__Exercise objective__: Take the listing from its first line through the line that contains "#19=CARTESIAN_POINT('',(0.,0.,44.));" and please retype those lines exactly, leaving out the pictures.
▬▬▬
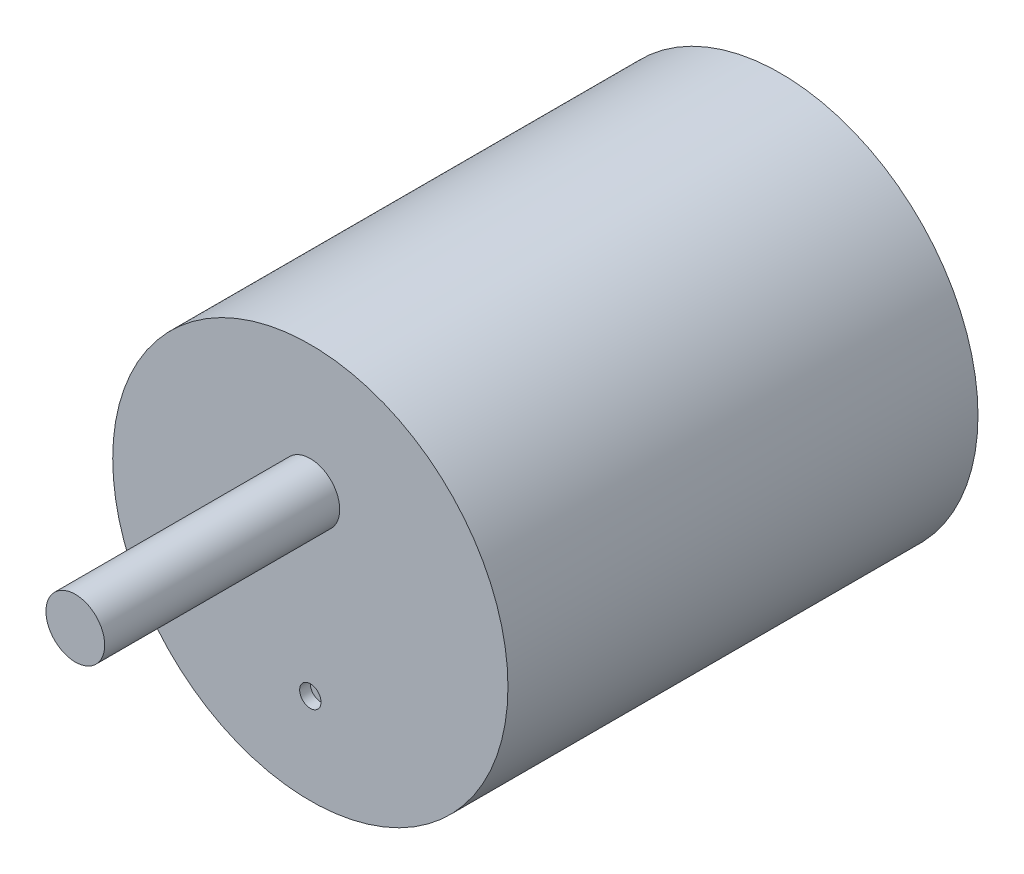
ISO-10303-21;
HEADER;
FILE_DESCRIPTION(('STEP AP214'),'2;1');
FILE_NAME('part.step','',(''),(''),'','','');
FILE_SCHEMA(('AUTOMOTIVE_DESIGN { 1 0 10303 214 1 1 1 1 }'));
ENDSEC;
DATA;
#1=APPLICATION_CONTEXT('core data for automotive mechanical design processes');
#2=APPLICATION_PROTOCOL_DEFINITION('international standard','automotive_design',2000,#1);
#3=PRODUCT_CONTEXT('',#1,'mechanical');
#4=PRODUCT('Part','Part','',(#3));
#5=PRODUCT_RELATED_PRODUCT_CATEGORY('part','',(#4));
#6=PRODUCT_DEFINITION_FORMATION('','',#4);
#7=PRODUCT_DEFINITION_CONTEXT('part definition',#1,'design');
#8=PRODUCT_DEFINITION('design','',#6,#7);
#9=PRODUCT_DEFINITION_SHAPE('','',#8);
#10=(LENGTH_UNIT() NAMED_UNIT(*) SI_UNIT(.MILLI.,.METRE.));
#11=(NAMED_UNIT(*) PLANE_ANGLE_UNIT() SI_UNIT($,.RADIAN.));
#12=(NAMED_UNIT(*) SI_UNIT($,.STERADIAN.) SOLID_ANGLE_UNIT());
#13=UNCERTAINTY_MEASURE_WITH_UNIT(LENGTH_MEASURE(1.E-05),#10,'distance_accuracy_value','');
#14=(GEOMETRIC_REPRESENTATION_CONTEXT(3) GLOBAL_UNCERTAINTY_ASSIGNED_CONTEXT((#13)) GLOBAL_UNIT_ASSIGNED_CONTEXT((#10,
#11,#12)) REPRESENTATION_CONTEXT('',''));
#15=CARTESIAN_POINT('',(0.,0.,0.));
#16=DIRECTION('',(0.,0.,1.));
#17=DIRECTION('',(1.,0.,0.));
#18=AXIS2_PLACEMENT_3D('',#15,#16,#17);
#19=CARTESIAN_POINT('',(0.,0.,44.));
#20=DIRECTION('',(0.,0.,-1.));
#21=DIRECTION('',(-1.,0.,0.));
#22=AXIS2_PLACEMENT_3D('',#19,#20,#21);
#23=CYLINDRICAL_SURFACE('',#22,18.5);
#24=CARTESIAN_POINT('',(0.,0.,44.));
#25=DIRECTION('',(0.,0.,1.));
#26=DIRECTION('',(1.,0.,0.));
#27=AXIS2_PLACEMENT_3D('',#24,#25,#26);
#28=CIRCLE('',#27,18.5);
#29=CARTESIAN_POINT('',(18.5,0.,44.));
#30=VERTEX_POINT('',#29);
#31=EDGE_CURVE('E10',#30,#30,#28,.T.);
#32=ORIENTED_EDGE('',*,*,#31,.F.);
#33=EDGE_LOOP('',(#32));
#34=FACE_BOUND('',#33,.T.);
#35=CARTESIAN_POINT('',(0.,0.,0.));
#36=DIRECTION('',(0.,0.,1.));
#37=DIRECTION('',(1.,0.,0.));
#38=AXIS2_PLACEMENT_3D('',#35,#36,#37);
#39=CIRCLE('',#38,18.5);
#40=CARTESIAN_POINT('',(18.5,0.,0.));
#41=VERTEX_POINT('',#40);
#42=EDGE_CURVE('E38',#41,#41,#39,.T.);
#43=ORIENTED_EDGE('',*,*,#42,.T.);
#44=EDGE_LOOP('',(#43));
#45=FACE_BOUND('',#44,.T.);
#46=ADVANCED_FACE('F35',(#34,#45),#23,.T.);
#47=CARTESIAN_POINT('',(0.,0.,44.));
#48=DIRECTION('',(0.,0.,1.));
#49=DIRECTION('',(1.,0.,0.));
#50=AXIS2_PLACEMENT_3D('',#47,#48,#49);
#51=PLANE('',#50);
#52=CARTESIAN_POINT('',(0.,-10.,44.));
#53=DIRECTION('',(0.,0.,1.));
#54=DIRECTION('',(1.,0.,0.));
#55=AXIS2_PLACEMENT_3D('',#52,#53,#54);
#56=CIRCLE('',#55,1.);
#57=CARTESIAN_POINT('',(1.,-10.,44.));
#58=VERTEX_POINT('',#57);
#59=EDGE_CURVE('E53',#58,#58,#56,.T.);
#60=ORIENTED_EDGE('',*,*,#59,.F.);
#61=EDGE_LOOP('',(#60));
#62=FACE_BOUND('',#61,.T.);
#63=CARTESIAN_POINT('',(0.,6.5,44.));
#64=DIRECTION('',(0.,0.,1.));
#65=DIRECTION('',(1.,0.,0.));
#66=AXIS2_PLACEMENT_3D('',#63,#64,#65);
#67=CIRCLE('',#66,2.75);
#68=CARTESIAN_POINT('',(2.75,6.5,44.));
#69=VERTEX_POINT('',#68);
#70=EDGE_CURVE('E47',#69,#69,#67,.T.);
#71=ORIENTED_EDGE('',*,*,#70,.F.);
#72=EDGE_LOOP('',(#71));
#73=FACE_BOUND('',#72,.T.);
#74=ORIENTED_EDGE('',*,*,#31,.T.);
#75=EDGE_LOOP('',(#74));
#76=FACE_BOUND('',#75,.T.);
#77=ADVANCED_FACE('F68',(#62,#73,#76),#51,.T.);
#78=CARTESIAN_POINT('',(0.,0.,0.));
#79=DIRECTION('',(0.,0.,1.));
#80=DIRECTION('',(1.,0.,0.));
#81=AXIS2_PLACEMENT_3D('',#78,#79,#80);
#82=PLANE('',#81);
#83=ORIENTED_EDGE('',*,*,#42,.F.);
#84=EDGE_LOOP('',(#83));
#85=FACE_BOUND('',#84,.T.);
#86=ADVANCED_FACE('F71',(#85),#82,.F.);
#87=CARTESIAN_POINT('',(0.,6.5,66.));
#88=DIRECTION('',(0.,0.,-1.));
#89=DIRECTION('',(-1.,0.,0.));
#90=AXIS2_PLACEMENT_3D('',#87,#88,#89);
#91=CYLINDRICAL_SURFACE('',#90,2.75);
#92=CARTESIAN_POINT('',(0.,6.5,66.));
#93=DIRECTION('',(0.,0.,1.));
#94=DIRECTION('',(1.,0.,0.));
#95=AXIS2_PLACEMENT_3D('',#92,#93,#94);
#96=CIRCLE('',#95,2.75);
#97=CARTESIAN_POINT('',(2.75,6.5,66.));
#98=VERTEX_POINT('',#97);
#99=EDGE_CURVE('E45',#98,#98,#96,.T.);
#100=ORIENTED_EDGE('',*,*,#99,.F.);
#101=EDGE_LOOP('',(#100));
#102=FACE_BOUND('',#101,.T.);
#103=ORIENTED_EDGE('',*,*,#70,.T.);
#104=EDGE_LOOP('',(#103));
#105=FACE_BOUND('',#104,.T.);
#106=ADVANCED_FACE('F75',(#102,#105),#91,.T.);
#107=CARTESIAN_POINT('',(0.,6.5,66.));
#108=DIRECTION('',(0.,0.,1.));
#109=DIRECTION('',(1.,0.,0.));
#110=AXIS2_PLACEMENT_3D('',#107,#108,#109);
#111=PLANE('',#110);
#112=ORIENTED_EDGE('',*,*,#99,.T.);
#113=EDGE_LOOP('',(#112));
#114=FACE_BOUND('',#113,.T.);
#115=ADVANCED_FACE('F64',(#114),#111,.T.);
#116=CARTESIAN_POINT('',(0.,-10.,43.));
#117=DIRECTION('',(0.,0.,1.));
#118=DIRECTION('',(1.,0.,0.));
#119=AXIS2_PLACEMENT_3D('',#116,#117,#118);
#120=CYLINDRICAL_SURFACE('',#119,1.);
#121=CARTESIAN_POINT('',(0.,-10.,43.));
#122=DIRECTION('',(0.,0.,1.));
#123=DIRECTION('',(1.,0.,0.));
#124=AXIS2_PLACEMENT_3D('',#121,#122,#123);
#125=CIRCLE('',#124,1.);
#126=CARTESIAN_POINT('',(1.,-10.,43.));
#127=VERTEX_POINT('',#126);
#128=EDGE_CURVE('E50',#127,#127,#125,.T.);
#129=ORIENTED_EDGE('',*,*,#128,.F.);
#130=EDGE_LOOP('',(#129));
#131=FACE_BOUND('',#130,.T.);
#132=ORIENTED_EDGE('',*,*,#59,.T.);
#133=EDGE_LOOP('',(#132));
#134=FACE_BOUND('',#133,.T.);
#135=ADVANCED_FACE('F61',(#131,#134),#120,.F.);
#136=CARTESIAN_POINT('',(0.,-10.,43.));
#137=DIRECTION('',(0.,0.,1.));
#138=DIRECTION('',(1.,0.,0.));
#139=AXIS2_PLACEMENT_3D('',#136,#137,#138);
#140=PLANE('',#139);
#141=ORIENTED_EDGE('',*,*,#128,.T.);
#142=EDGE_LOOP('',(#141));
#143=FACE_BOUND('',#142,.T.);
#144=ADVANCED_FACE('F59',(#143),#140,.T.);
#145=CLOSED_SHELL('',(#46,#77,#86,#106,#115,#135,#144));
#146=MANIFOLD_SOLID_BREP('B2',#145);
#147=ADVANCED_BREP_SHAPE_REPRESENTATION('',(#18,#146),#14);
#148=SHAPE_DEFINITION_REPRESENTATION(#9,#147);
ENDSEC;
END-ISO-10303-21;
▬▬▬
__Answer box__:
ISO-10303-21;
HEADER;
FILE_DESCRIPTION(('STEP AP214'),'2;1');
FILE_NAME('part.step','',(''),(''),'','','');
FILE_SCHEMA(('AUTOMOTIVE_DESIGN { 1 0 10303 214 1 1 1 1 }'));
ENDSEC;
DATA;
#1=APPLICATION_CONTEXT('core data for automotive mechanical design processes');
#2=APPLICATION_PROTOCOL_DEFINITION('international standard','automotive_design',2000,#1);
#3=PRODUCT_CONTEXT('',#1,'mechanical');
#4=PRODUCT('Part','Part','',(#3));
#5=PRODUCT_RELATED_PRODUCT_CATEGORY('part','',(#4));
#6=PRODUCT_DEFINITION_FORMATION('','',#4);
#7=PRODUCT_DEFINITION_CONTEXT('part definition',#1,'design');
#8=PRODUCT_DEFINITION('design','',#6,#7);
#9=PRODUCT_DEFINITION_SHAPE('','',#8);
#10=(LENGTH_UNIT() NAMED_UNIT(*) SI_UNIT(.MILLI.,.METRE.));
#11=(NAMED_UNIT(*) PLANE_ANGLE_UNIT() SI_UNIT($,.RADIAN.));
#12=(NAMED_UNIT(*) SI_UNIT($,.STERADIAN.) SOLID_ANGLE_UNIT());
#13=UNCERTAINTY_MEASURE_WITH_UNIT(LENGTH_MEASURE(1.E-05),#10,'distance_accuracy_value','');
#14=(GEOMETRIC_REPRESENTATION_CONTEXT(3) GLOBAL_UNCERTAINTY_ASSIGNED_CONTEXT((#13)) GLOBAL_UNIT_ASSIGNED_CONTEXT((#10,
#11,#12)) REPRESENTATION_CONTEXT('',''));
#15=CARTESIAN_POINT('',(0.,0.,0.));
#16=DIRECTION('',(0.,0.,1.));
#17=DIRECTION('',(1.,0.,0.));
#18=AXIS2_PLACEMENT_3D('',#15,#16,#17);
#19=CARTESIAN_POINT('',(0.,0.,44.));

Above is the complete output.